Enfin, François Lapointe nous ramène, dans une seconde note de recherche, au contexte organisationnel proprement dit pour tenter d'évaluer le degré de convivialité d'une application informatique (le poste de travail pour la traduction). Pour lui, ce n'est ni l'étude générale des « facteurs humains » liés à un outil particulier, ni l'approche sociotechnique - où les technologies sont à la fois envisagées comme constitutrices et constituées de rapports sociaux - mais bien l'analyse détaillée des attentes et des représentations des différents acteurs en présence qui importe dans une telle démarche. Cette fois, on ne se réfère plus à des modèles nationaux ou à d'autres caractéristiques macro-sociales : c'est l'organisation elle-même et ses acteurs qui rendent l'appréciation de la convivialité éminemment contingente. Celle-ci ne peut pas être définie une fois pour toutes, dans le cadre d'une relation utilisateur-machine qui serait, en quelque sorte « décontextualisée » mais e11e doit au contraire être rapportée à un contexte social spécifique qui lui donnera, dans chaque cas, toute sa signification.

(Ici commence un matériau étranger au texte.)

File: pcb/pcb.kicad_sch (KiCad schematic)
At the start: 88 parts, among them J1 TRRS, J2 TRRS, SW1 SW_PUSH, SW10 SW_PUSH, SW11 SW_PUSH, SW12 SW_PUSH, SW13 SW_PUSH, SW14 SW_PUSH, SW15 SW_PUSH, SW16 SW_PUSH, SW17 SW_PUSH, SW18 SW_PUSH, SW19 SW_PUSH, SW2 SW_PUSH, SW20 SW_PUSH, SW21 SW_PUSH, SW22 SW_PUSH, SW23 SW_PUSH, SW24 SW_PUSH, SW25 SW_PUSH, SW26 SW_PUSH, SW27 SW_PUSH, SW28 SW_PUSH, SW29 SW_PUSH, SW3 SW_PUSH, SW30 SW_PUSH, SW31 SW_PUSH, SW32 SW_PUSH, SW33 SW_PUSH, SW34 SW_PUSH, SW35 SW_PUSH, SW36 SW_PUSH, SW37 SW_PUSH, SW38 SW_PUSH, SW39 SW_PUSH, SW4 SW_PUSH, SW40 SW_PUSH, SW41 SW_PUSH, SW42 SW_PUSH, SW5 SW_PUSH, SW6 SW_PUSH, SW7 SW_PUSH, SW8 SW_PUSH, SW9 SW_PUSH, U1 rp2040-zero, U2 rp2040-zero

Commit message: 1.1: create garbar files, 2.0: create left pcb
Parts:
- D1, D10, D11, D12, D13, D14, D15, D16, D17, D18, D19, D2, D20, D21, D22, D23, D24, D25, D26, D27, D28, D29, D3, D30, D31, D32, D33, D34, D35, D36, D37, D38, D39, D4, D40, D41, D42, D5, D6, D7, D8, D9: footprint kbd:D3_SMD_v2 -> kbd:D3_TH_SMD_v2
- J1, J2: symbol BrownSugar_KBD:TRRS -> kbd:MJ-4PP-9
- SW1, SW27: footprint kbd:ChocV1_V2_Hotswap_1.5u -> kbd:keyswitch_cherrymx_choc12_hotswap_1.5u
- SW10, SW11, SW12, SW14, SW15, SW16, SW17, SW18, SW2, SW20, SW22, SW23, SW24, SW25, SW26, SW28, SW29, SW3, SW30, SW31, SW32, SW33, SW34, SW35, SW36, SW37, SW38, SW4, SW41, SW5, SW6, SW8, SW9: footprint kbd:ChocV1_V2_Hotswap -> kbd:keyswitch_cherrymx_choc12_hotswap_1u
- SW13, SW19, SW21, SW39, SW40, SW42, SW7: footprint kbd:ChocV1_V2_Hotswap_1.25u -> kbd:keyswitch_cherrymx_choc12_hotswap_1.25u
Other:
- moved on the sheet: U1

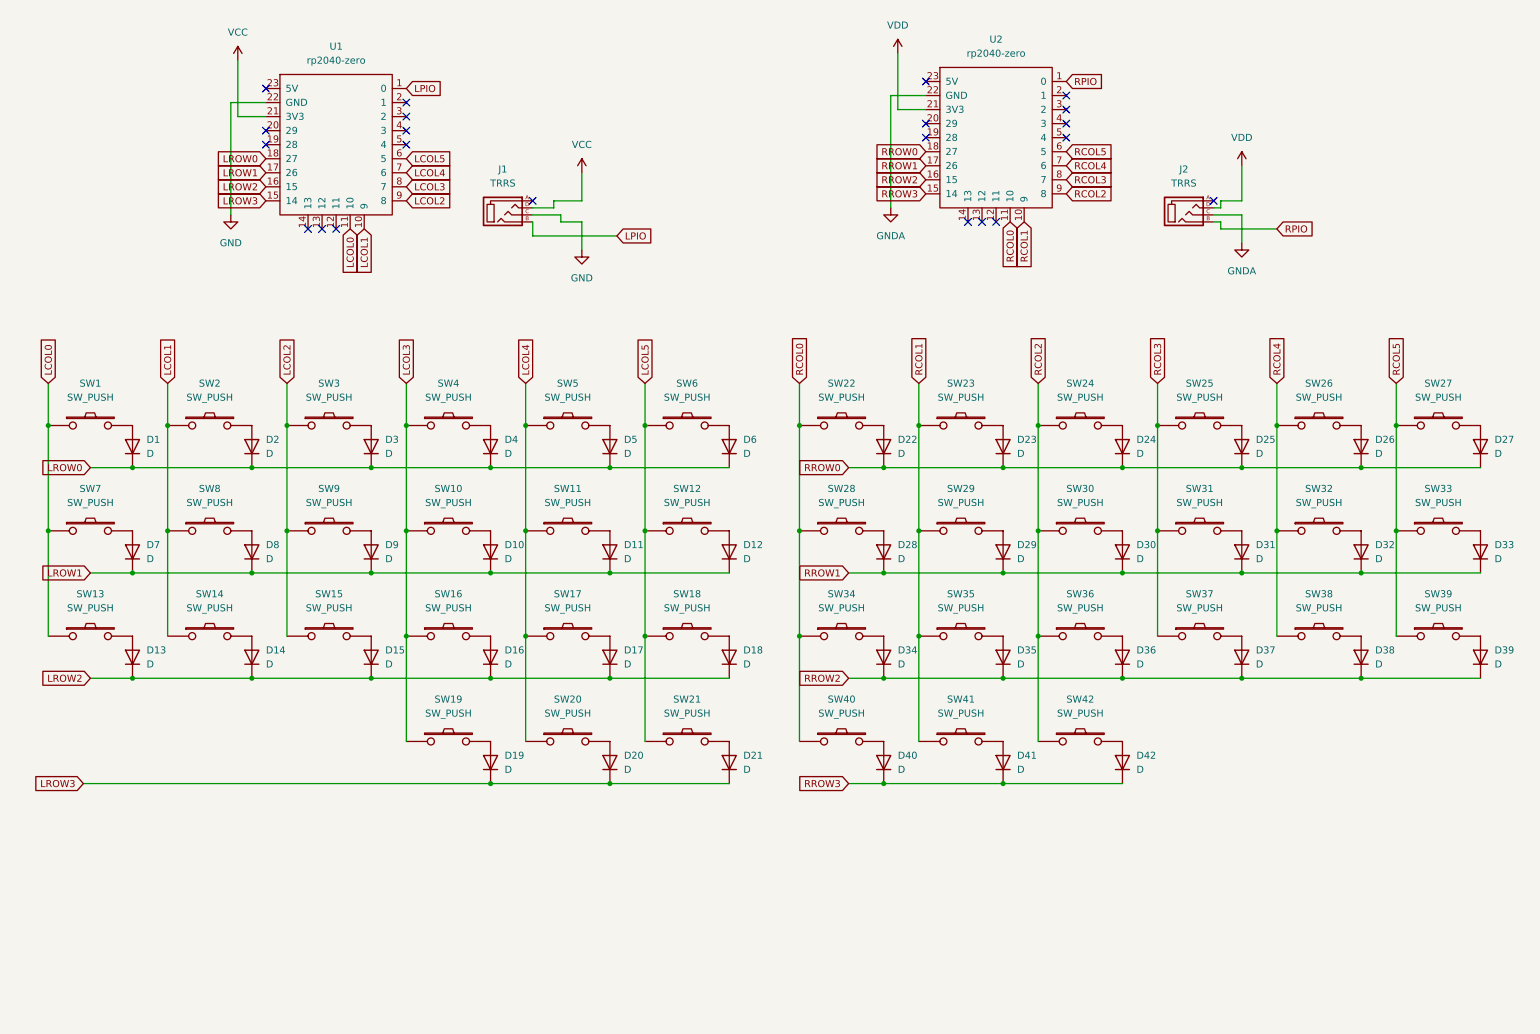
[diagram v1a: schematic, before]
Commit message: refactor: change folder name, old data is no maggie42cs0
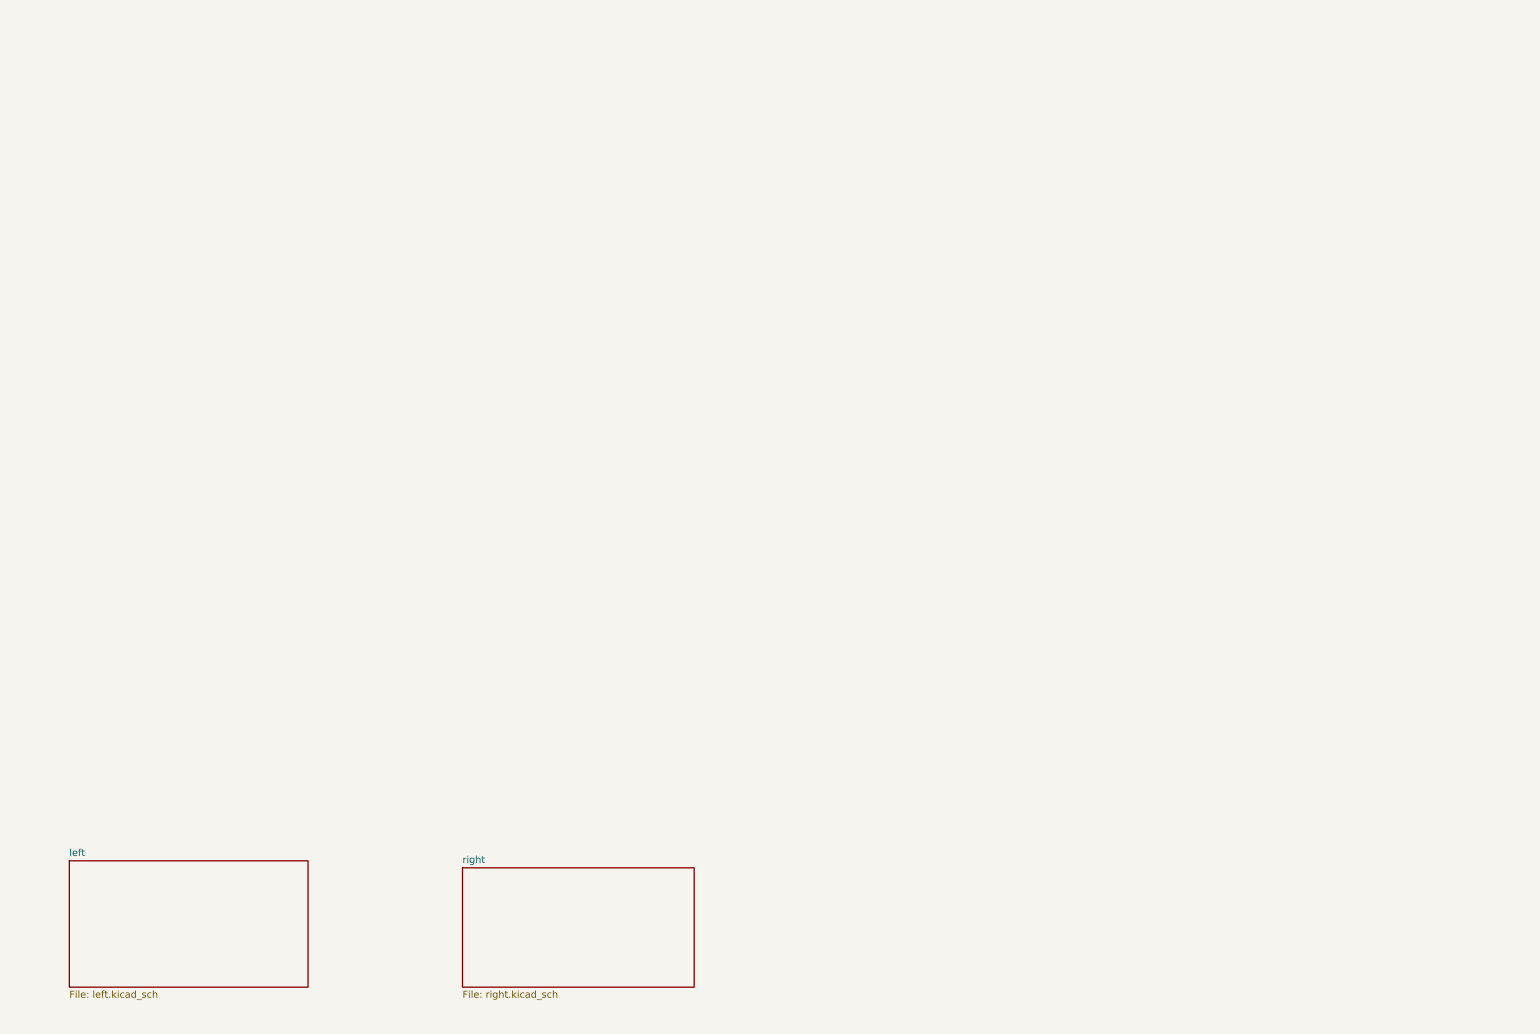
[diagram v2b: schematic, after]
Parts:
- removed D1, D10, D11, D12, D13, D14, D15, D16, D17, D18, D19, D2, D20, D21, D22, D23, D24, D25, D26, D27, D28, D29, D3, D30, D31, D32, D33, D34, D35, D36, D37, D38, D39, D4, D40, D41, D42, D5, D6, D7, D8, D9: D, kbd:D3_TH_SMD_v2, symbol Device:D
- removed J1, J2: TRRS, kbd:MJ-4PP-9_1side, symbol kbd:MJ-4PP-9
- removed SW1, SW27: SW_PUSH, kbd:keyswitch_cherrymx_choc12_hotswap_1.5u, symbol BrownSugar_KBD:SW_PUSH
- removed SW10, SW11, SW12, SW14, SW15, SW16, SW17, SW18, SW2, SW20, SW22, SW23, SW24, SW25, SW26, SW28, SW29, SW3, SW30, SW31, SW32, SW33, SW34, SW35, SW36, SW37, SW38, SW4, SW41, SW5, SW6, SW8, SW9: SW_PUSH, kbd:keyswitch_cherrymx_choc12_hotswap_1u, symbol BrownSugar_KBD:SW_PUSH
- removed SW13, SW19, SW21, SW39, SW40, SW42, SW7: SW_PUSH, kbd:keyswitch_cherrymx_choc12_hotswap_1.25u, symbol BrownSugar_KBD:SW_PUSH
- removed U1, U2: rp2040-zero, mcu:rp2040-zero-tht, symbol mcu:rp2040-zero
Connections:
- no-connect marks 22 -> 0
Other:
- added sheet left (left.kicad_sch)
- added sheet right (right.kicad_sch)
- title: (none) -> maggie42cs

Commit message: wip: layout
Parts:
- added C1, C16, C17, C2: 10u, Capacitor_SMD:C_0402_1005Metric, symbol Device:C_Small
- added C10, C11, C12, C13, C18, C19, C20, C23, C24, C25, C26, C27, C28, C3, C31, C33, C4, C7, C8, C9: 100n, Capacitor_SMD:C_0402_1005Metric, symbol Device:C_Small
- added C14, C15, C29, C30: 30pF, Capacitor_SMD:C_0603_1608Metric, symbol Device:C_Small
- added C21, C22, C32, C34, C5, C6: 2.2uF, Capacitor_SMD:C_0402_1005Metric, symbol Device:C_Small
- added F1, F2: ~, Fuse:Fuse_0603_1608Metric, symbol Device:Polyfuse_Small
- added J1, J4: AudioJack3, kbd:PJ-399B-6A_margin, symbol Connector_Audio:AudioJack3
- added J2, J5: USB_C_Receptacle_USB2.0_16P, Connector_USB:USB_C_Receptacle_HRO_TYPE-C-31-M-12, symbol Connector:USB_C_Receptacle_USB2.0_16P
- added J3, J6: Conn_01x03_Pin, Connector_PinHeader_2.54mm:PinHeader_1x03_P2.54mm_Vertical, symbol Connector:Conn_01x03_Pin
- added R1, R10, R2, R9: 5.1k, Resistor_SMD:R_0402_1005Metric, symbol Device:R_Small
- added R11, R4: 5.6k, Resistor_SMD:R_0603_1608Metric, symbol Device:R_Small
- added R12, R16, R18, R20, R3, R8: 1k, Resistor_SMD:R_0402_1005Metric, symbol Device:R_Small
- added R13, R17, R19, R5: 10k, Resistor_SMD:R_0402_1005Metric, symbol Device:R_Small
- added R14, R15, R6, R7: 27, Resistor_SMD:R_0402_1005Metric, symbol Device:R_Small
- added SD1, SD2: ~, Diode_SMD:D_SOD-123, symbol Device:D_Schottky_Small
- added SMDSW1, SMDSW3: RESET, Button_Switch_SMD:SW_Push_1P1T_XKB_TS-1187A, symbol Switch:SW_Push
- added SMDSW2, SMDSW4: BOOT, Button_Switch_SMD:SW_Push_1P1T_XKB_TS-1187A, symbol Switch:SW_Push
- added STLED1, STLED2: WHITE, LED_SMD:LED_0603_1608Metric, symbol Device:LED_Small
- added U1, U4: NCP1117-3.3_SOT223, Package_TO_SOT_SMD:SOT-223-3_TabPin2, symbol Regulator_Linear:NCP1117-3.3_SOT223
- added U2, U5: RP2040, Package_DFN_QFN:QFN-56-1EP_7x7mm_P0.4mm_EP3.2x3.2mm, symbol MCU_RaspberryPi:RP2040
- added U3, U6: W25Q128JVS, Package_SO:SOIC-8_5.23x5.23mm_P1.27mm, symbol Memory_Flash:W25Q128JVS
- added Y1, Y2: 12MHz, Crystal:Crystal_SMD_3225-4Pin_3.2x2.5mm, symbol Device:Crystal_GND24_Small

Le rôle du contexte - qu'il soit national ou organisationnel - apparaît donc, chez les auteurs de ce numéro, de toute première importance, aussi bien dans l'analyse du développement de larges projets technologiques que dans la réflexion susceptible d'être menée sur ceux-ci ou dans l'évaluation d'aspects très particuliers d'applications informatiques. A la lecture des contributions ici rassemblées, une conclusion semble s'imposer : la référence au contexte devrait en quelque sorte devenir le « réflexe » de toute analyse qui refuse, d'une part, de donner dans les errements maintes fois dénoncés du déterminisme technologique et, d'autre part, de réduire l'appréhension des facteurs humains au seul face à face entre un opérateur et « sa » machine.